With these data, the combination of monotone transformations and the freedom to score the missing ranks without constraint leads to degenerate transformations. PROC PRINQUAL tries to merge the 35 points into two points, producing a perfect fit in one dimension. There is evidence for this after 20 iterations when the Average Change, Maximum Change, and Criterion Change values are all increasing, instead of the more stable decreasing change rate seen in the analysis shown. The change rates all stop increasing after 41 iterations, and it is clear by 70 or 80 iterations that one component will account for 100 percent of the transformed variables variance after sufficient iteration. While this might seem desirable (after all, it is a perfect fit), you should, in fact, be on guard when this happens. Whenever convergence is slow, the rates of change increase, or the final data perfectly fit the model, the solution is probably degenerating because of too few constraints on the scorings.

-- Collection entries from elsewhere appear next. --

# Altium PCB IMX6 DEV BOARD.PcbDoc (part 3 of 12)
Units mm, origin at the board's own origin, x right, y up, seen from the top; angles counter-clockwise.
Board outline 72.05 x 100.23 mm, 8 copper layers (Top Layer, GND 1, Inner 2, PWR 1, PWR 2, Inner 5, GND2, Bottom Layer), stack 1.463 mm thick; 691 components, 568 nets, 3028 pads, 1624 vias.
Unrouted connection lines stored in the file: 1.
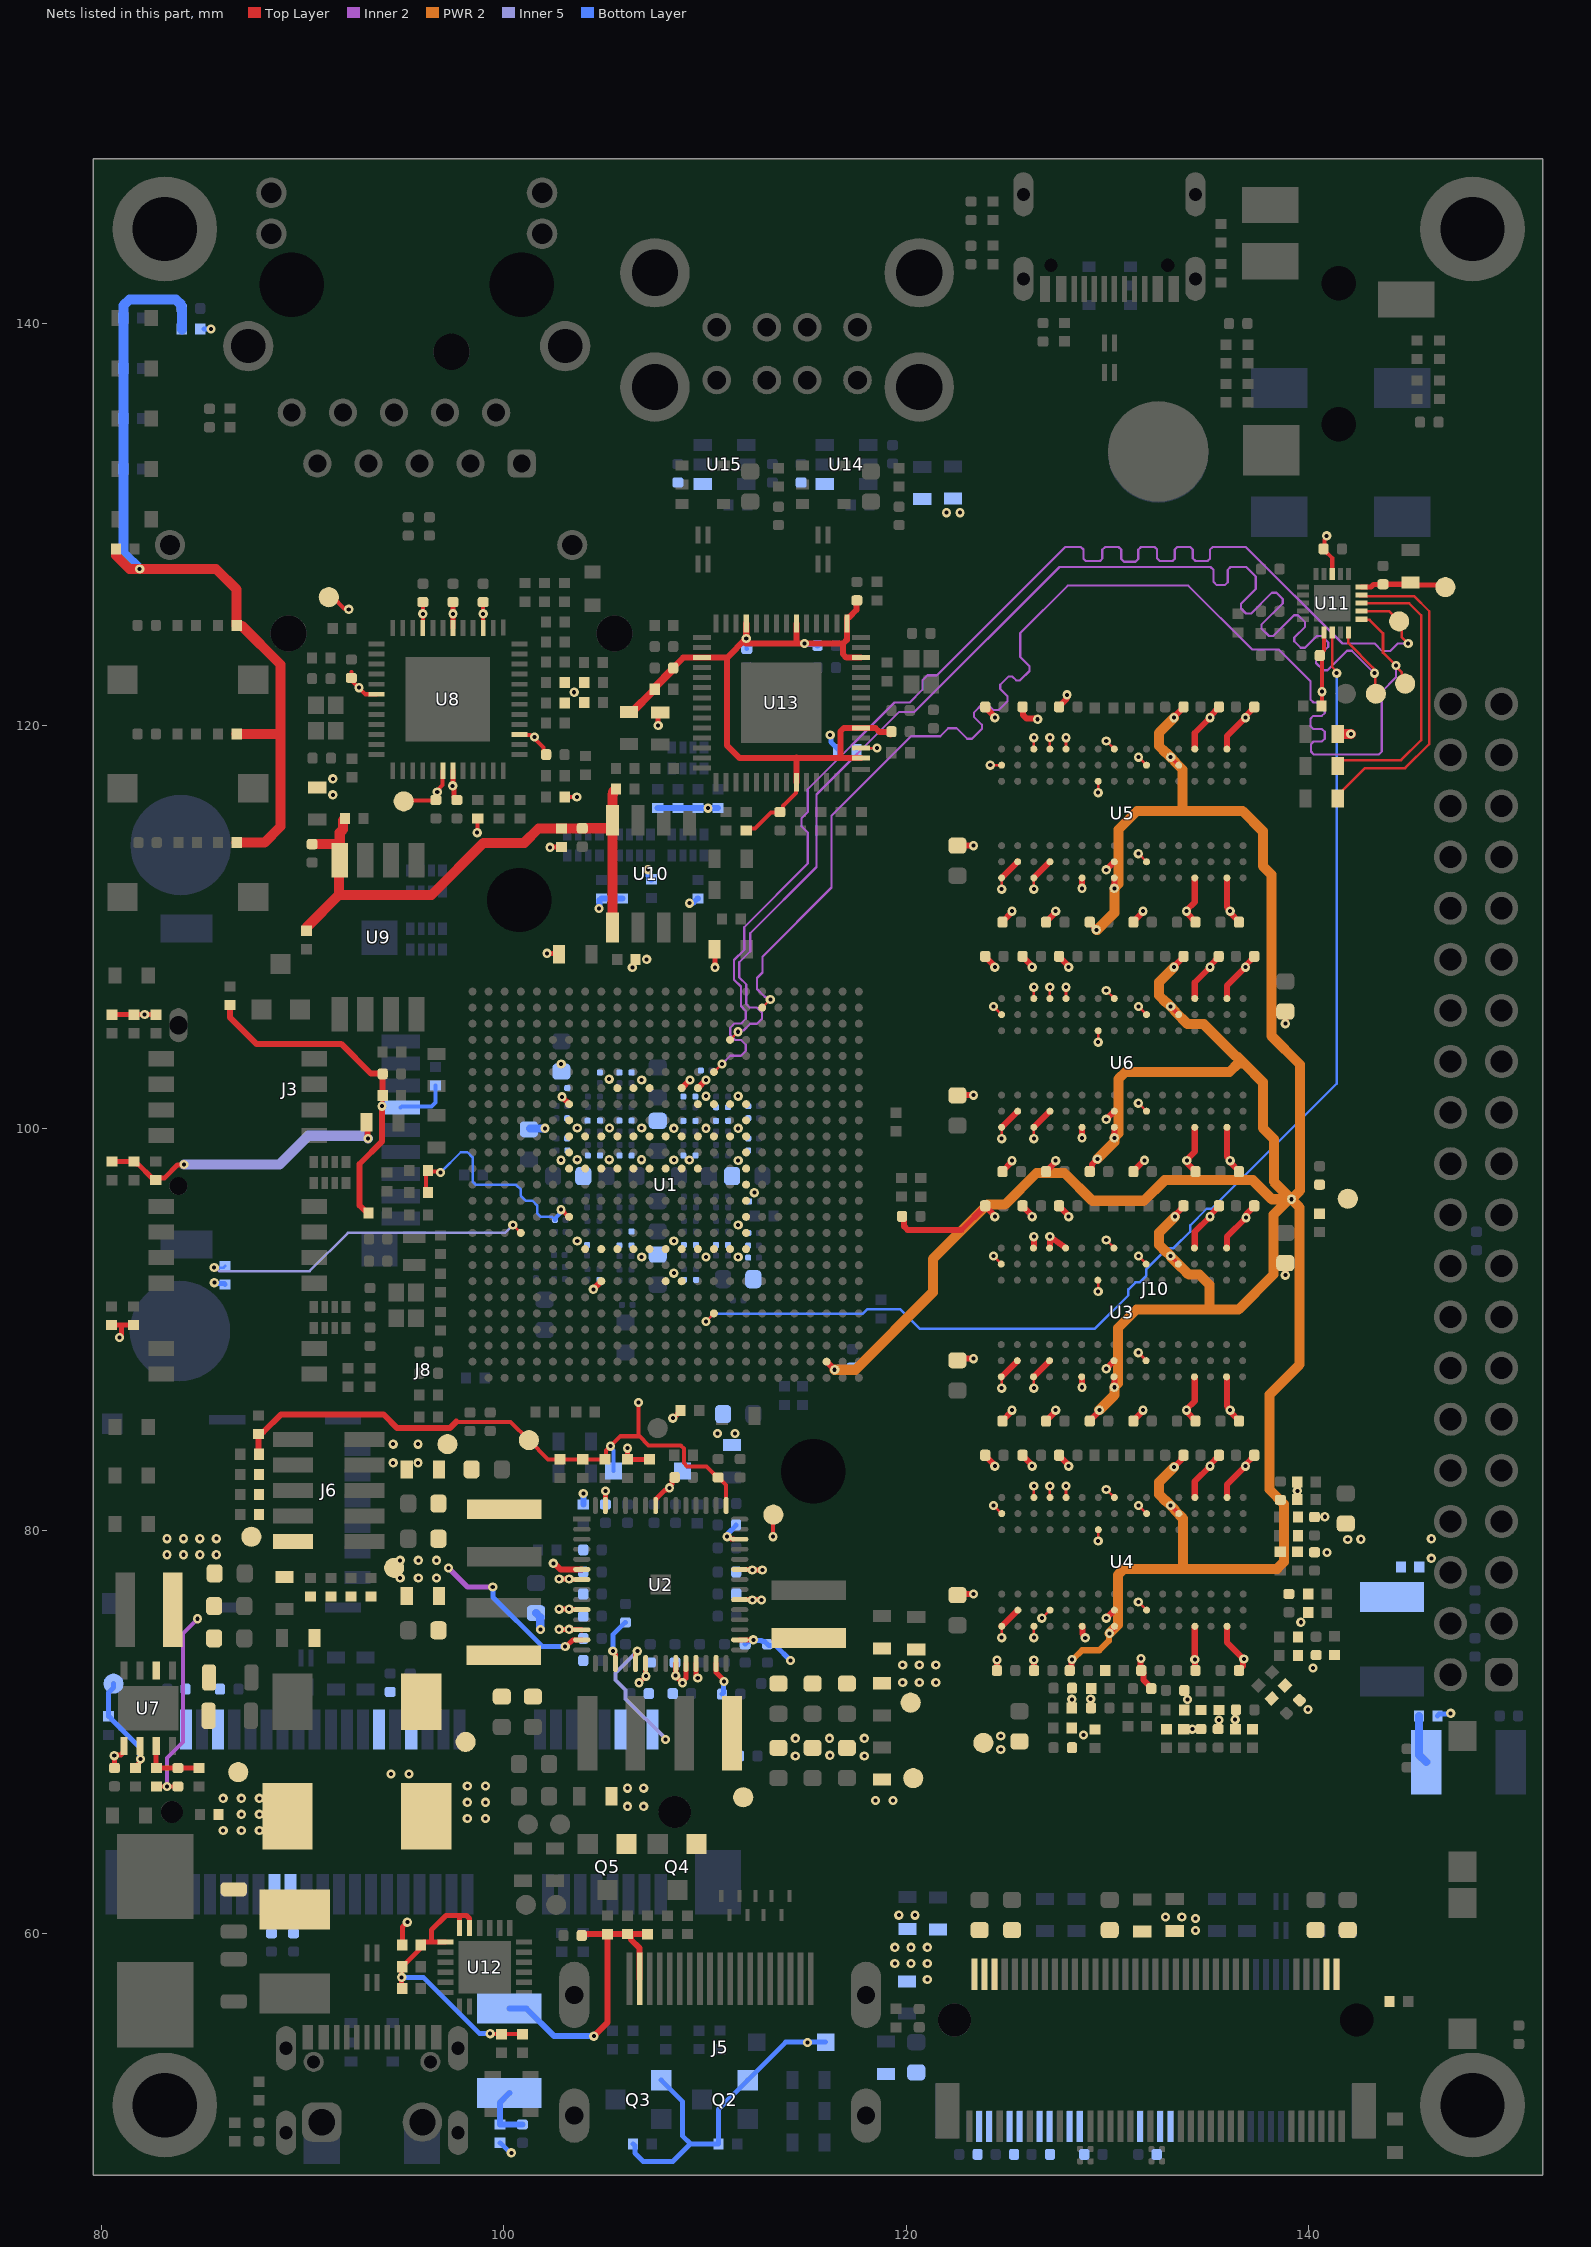
[diagram p9: the nets of this part, all layers, seen from the top]

## Part data
BT1: library part "battery holder", "WA-BCPH Battery Holder, THT, Battery Type 2450", Manufacturer="Wurth Elektronik", Operating Temperature="-40 to +105degC", Battery Type=2450, ComponentLink1Description=Manufacturer, ComponentLink1URL=http://www.we-online.de, ComponentLink2Description=Datasheet, ComponentLink2URL=https://www.we-online.com/catalog/datasheet/79578211.pdf, Manufacturer Part Number=79578211, Mounting Technology=THT, Packaging=Bag, Published Date="July 2021"
C1 C4 C5 C6 C190 C191 C261 C262: library part "cap 22pF 50V", "cap cer 22pF 50V 5% NP0 0402", Diélectrique=NP0, Tension du diélectrique=50V
C2 C7 C11 C149 C176 C186 C187 C188 C189 C206 C211 C213 C214 C215 C219 C220 C221 C222 C249 C260 C263 C264 C265 C306 C311: library part "cap 0.1µ 16V", "cap solid electrolyte 0.1µ 6.3V 10%", Diélectrique=X7R, Tension du diélectrique=16V
C3 C8 C9 C10 C185 C192 C193 C194 C195 C196 C197 C198 C199 C200 C201 C202 C203 C204 C205 C207 C208 C212 C216 C217 C218 C225 C226 C227 C228 C241 C245 C250 C251 C252 C253 C254 C255 C256 C266 C276 C283 C289 C290 C298 C300 C307 C315: library part "cap 1µ 25V", "cap cer 1µ 25V 10% X5R 0402", Diélectrique=X5R, Tension du diélectrique=25V
C12 C13 C14 C15 C16 C17 C19 C20 C21 C22 C24 C25 C26 C27 C28 C29 C30 C32 C33 C34 C35 C37 C38 C39 C40 C41 C42 C43 C44 C45 C46 C47 C48 C49 C50 C55 C56 C57 C58 C59 C60 C61 C62 C63 C64 C67 C68 C69 C70 C71 C73 C74 C75 C76 C77 C78 C79 C81 C82 C83 C84 C85 C86 C87 C88 C89 C90 C91 C93 C94 C95 C96 C97 C98 C99 C100 C101 C102 C104: library part "cap 0.22µ 6.3V", "cap solid electrolyte 0.22µ 6.3V 10%", Diélectrique=X5R, Tension du diélectrique=6.3V
C18 C23 C31 C36 C51 C52 C53 C54 C65 C66 C72 C80 C92 C103 C121 C122 C123 C124 C125 C126 C127 C128 C177 C178 C179 C236 C237 C238 C239 C240 C243 C247 C267 C277 C279 C280 C281 C286 C287 C288 C293 C294 C295 C301 C302 C303 C309 C310: library part "cap 22µ 10V", "cap cer 22µ 10V 10% X5R 0603", Diélectrique=X5R, Tension du diélectrique=10V
C105 C106 C107 C108 C109 C110 C111 C112 C113 C114 C115 C116 C117 C118 C119 C120 C129 C130 C131 C132 C133 C134 C135 C136 C137 C138 C139 C140 C141 C142 C143 C144 C145 C146 C147 C148 C150 C151 C152 C153 C154 C155 C156 C157 C158 C159 C160 C161 C162 C163 C164 C165 C166 C167 C168 C169 C170 C171 C172 C173 C174 C175: library part "cap 0.22µ 10V", "cap cer 0.22µ 10V 10% X5R 0402", Diélectrique=X5R, Tension du diélectrique=10V
C180 C244 C248: library part "cap DNP", "cap cer DNP 0402"
C181 C182 C183 C184: library part "cap 22µ 25V", "cap cer 22µ 25V 10% X5R 0805", Diélectrique=X5R, Tension du diélectrique=25V
C209 C210 C223: library part "cap 220µ 6.3V", "WCAP-PHGP Aluminum Polymer Capacitor, H-Chip SMT, L7.3W4.3H1.9mm, 220uF, 6.3V 875015119006", Capacitance Tolerance=+/-20%, Leakage Current=138.6uA, Manufacturer="Wurth Elektronik", Manufacturer Part Number=875015119006, Operating Temperature Max=105°C, Operating Temperature Min=-55°C, Rated Voltage (DC)=6.3V, Ripple Current=5100mA, Capacitance=220uF, Category="Aluminum Polymer Capacitors", ComponentLink1Description="Manufacturer Link", ComponentLink1URL=https://www.we-online.com/redexpert/article/875015119006?ad, ComponentLink2Description=Datasheet, ComponentLink2URL=https://www.we-online.com/redexpert/spec/875015119006?ad, Dissipation Factor=6%, Endurance=2000h, ESR=15mOhm, Height=1.9mm, Length=7.3mm, Match Code=WCAP-PHGP, Mount="Surface Mount", Packaging="Tape and Reel", Technical Reference=PSE2917221M6R3DHCT2HT19, Width=4.3mm
C229 C230 C231 C242 C246 C257 C258 C259 C268 C269 C270 C271 C272 C274 C282 C285 C292 C296 C299 C304 C308: library part "cap 4.7µ 10V", "cap cer 4.7µ 10V 10% X7R 0402", Diélectrique=X7R, Tension du diélectrique=10V
C232 C233 C234 C235: library part "cap 10n 10V", "cap ceramique 10n 10V 10% 0201", Diélectrique=X5R, Tension du diélectrique=10V
C273 C278 C284 C291 C297 C305: library part "cap 0.1µ 4V", "cap cer 0.1µ 16V 10% X7R 0402", Diélectrique=X7R, Tension du diélectrique=16V
C312 C313 C314: library part "cap 1µ 16V", "cap cer 1µ 16V 10% X7R 0402", Diélectrique=X7R, Tension du diélectrique=16V
D1 D7: library part "Diode 1N4148 100V 150mA"
D2 D23 D24 D25: library part "TVS USB 824011", "WE-TVS TVS Diode – High Speed Series, SOT23-5L, 2+1 Channel, 5Vdc, 2pF", Channel ESD Clamping Voltage=13V, Channel Input Capacitance=2pF, Channel Operating Voltage=5V, Channel Reverse Leakage Current=1uA, Manufacturer="Wurth Elektronik", Manufacturer Part Number=824011, Operating Temperature max.=125C, Operating Temperature min.=-55C, Reverse Breakdown Voltage=6.1V, Reverse Peak Pulse Current=13A, Channel Number=2+1, ComponentLink1Description="Manufacturer Link", ComponentLink1URL=http://www.we-online.de, ComponentLink2Description=Datasheet, ComponentLink2URL=https://www.we-online.com/catalog/datasheet/824011.pdf, ESD Air Discharge Capability=24kV, ESD Contact Discharge Capability=16kV, Height=1.16mm, Length=2.9mm, Mounting Technology=SMT, Packaging="Tape and Reel", Polarity=Unidirectional, Size=SOT23-5L, Width=2.8mm
D3 D9 D10 D11 D12 D13 D14 D15 D16: library part "TVS suppressor 82357120050", "82357120050", ComponentLink1Description="New link", ComponentLink1URL=https://www.we-online.com/catalog/datasheet/82357120050.pdf
D4 D5 D6 D17 D18 D19 D20 D21 D22 D28 D29: library part "LED Red 0603", "WL-SMCC SMD Mono-color Chip LED Compact, size 0603, Red, 2V, 120deg 150060RS73220", Emitting Color=Red, Forward Voltage=2V, Operating Temperature="-40 to +85degC", Part Number=150060RS73220, Chip Technology=AlInGaP, ComponentLink1URL=http://www.we-online.de, ComponentLink2Description=Datasheet, ComponentLink2URL=https://katalog.we-online.com/led/datasheet/150060RS73220.pdf, Dominant Wavelength=624nm, Luminous Intensity=90mcd, Mounting Technology=SMT, Packaging="Tape and Reel", Peak Wavelength=632nm, Published Date="July 2019", Publisher="Wurth Elektronik", Size=0603, Viewing Angle=120deg
D8: library part "TVS HDMI", "WE-TVS TVS Diode – Super Speed Series, DFN3810-9L, 8 Channel, 5Vdc, 0.5pF 824014885", Channel ESD Clamping Voltage=10.5V, Channel Input Capacitance=0.5pF, Channel Operating Voltage=5V, Channel Reverse Leakage Current=1uA, Manufacturer="Wurth Elektronik", Manufacturer Part Number=824014885, Operating Temperature max.=85C, Operating Temperature min.=-55C, Reverse Breakdown Voltage=6V, Reverse Peak Pulse Current=5A, Channel Number=8, ComponentLink1Description="Manufacturer Link", ComponentLink1URL=http://www.we-online.de, ComponentLink2Description=Datasheet, ComponentLink2URL=https://www.we-online.com/catalog/datasheet/824014885.pdf, ESD Air Discharge Capability=15kV, ESD Contact Discharge Capability=15kV, Height=0.5mm, Length=3.8mm, Mounting Technology=SMT, Packaging="Tape and Reel", Polarity=Unidirectional, Size=DFN3810-9L, Width=1mm
D26: library part "LED green 0603", "WL-SMCC SMD Mono-color Chip LED Compact, size 0603, Bright Green, 2V, 120deg 150060VS73220", Emitting Color="Bright Green", Forward Voltage=2V, Operating Temperature="-40 to +85degC", Part Number=150060VS73220, Chip Technology=AlInGaP, ComponentLink1URL=http://www.we-online.de, ComponentLink2Description=Datasheet, ComponentLink2URL=https://katalog.we-online.com/led/datasheet/150060VS73220.pdf, Dominant Wavelength=573nm, Luminous Intensity=60mcd, Mounting Technology=SMT, Packaging="Tape and Reel", Peak Wavelength=575nm, Published Date="July 2019", Publisher="Wurth Elektronik", Size=0603, Viewing Angle=120deg
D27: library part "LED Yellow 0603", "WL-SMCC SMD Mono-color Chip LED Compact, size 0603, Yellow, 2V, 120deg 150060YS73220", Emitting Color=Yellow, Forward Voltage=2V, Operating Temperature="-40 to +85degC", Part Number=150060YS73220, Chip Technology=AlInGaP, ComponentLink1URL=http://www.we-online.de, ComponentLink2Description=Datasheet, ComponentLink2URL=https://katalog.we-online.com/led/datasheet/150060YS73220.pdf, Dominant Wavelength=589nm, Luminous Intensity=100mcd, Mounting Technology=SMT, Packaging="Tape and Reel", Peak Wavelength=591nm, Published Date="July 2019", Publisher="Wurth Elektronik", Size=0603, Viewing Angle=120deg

PROC PRINQUAL can account for 100 percent of the variance by scoring Montana and UCLA with one positive value on all variables and scoring all the other teams with one negative value on all variables. This inappropriate analysis suggests that all ranked teams are equally good except for two teams that are less good. Both of these two teams are ranked by only one news service, and their only nonmissing rank is last in the poll. This accounts for the degeneracy.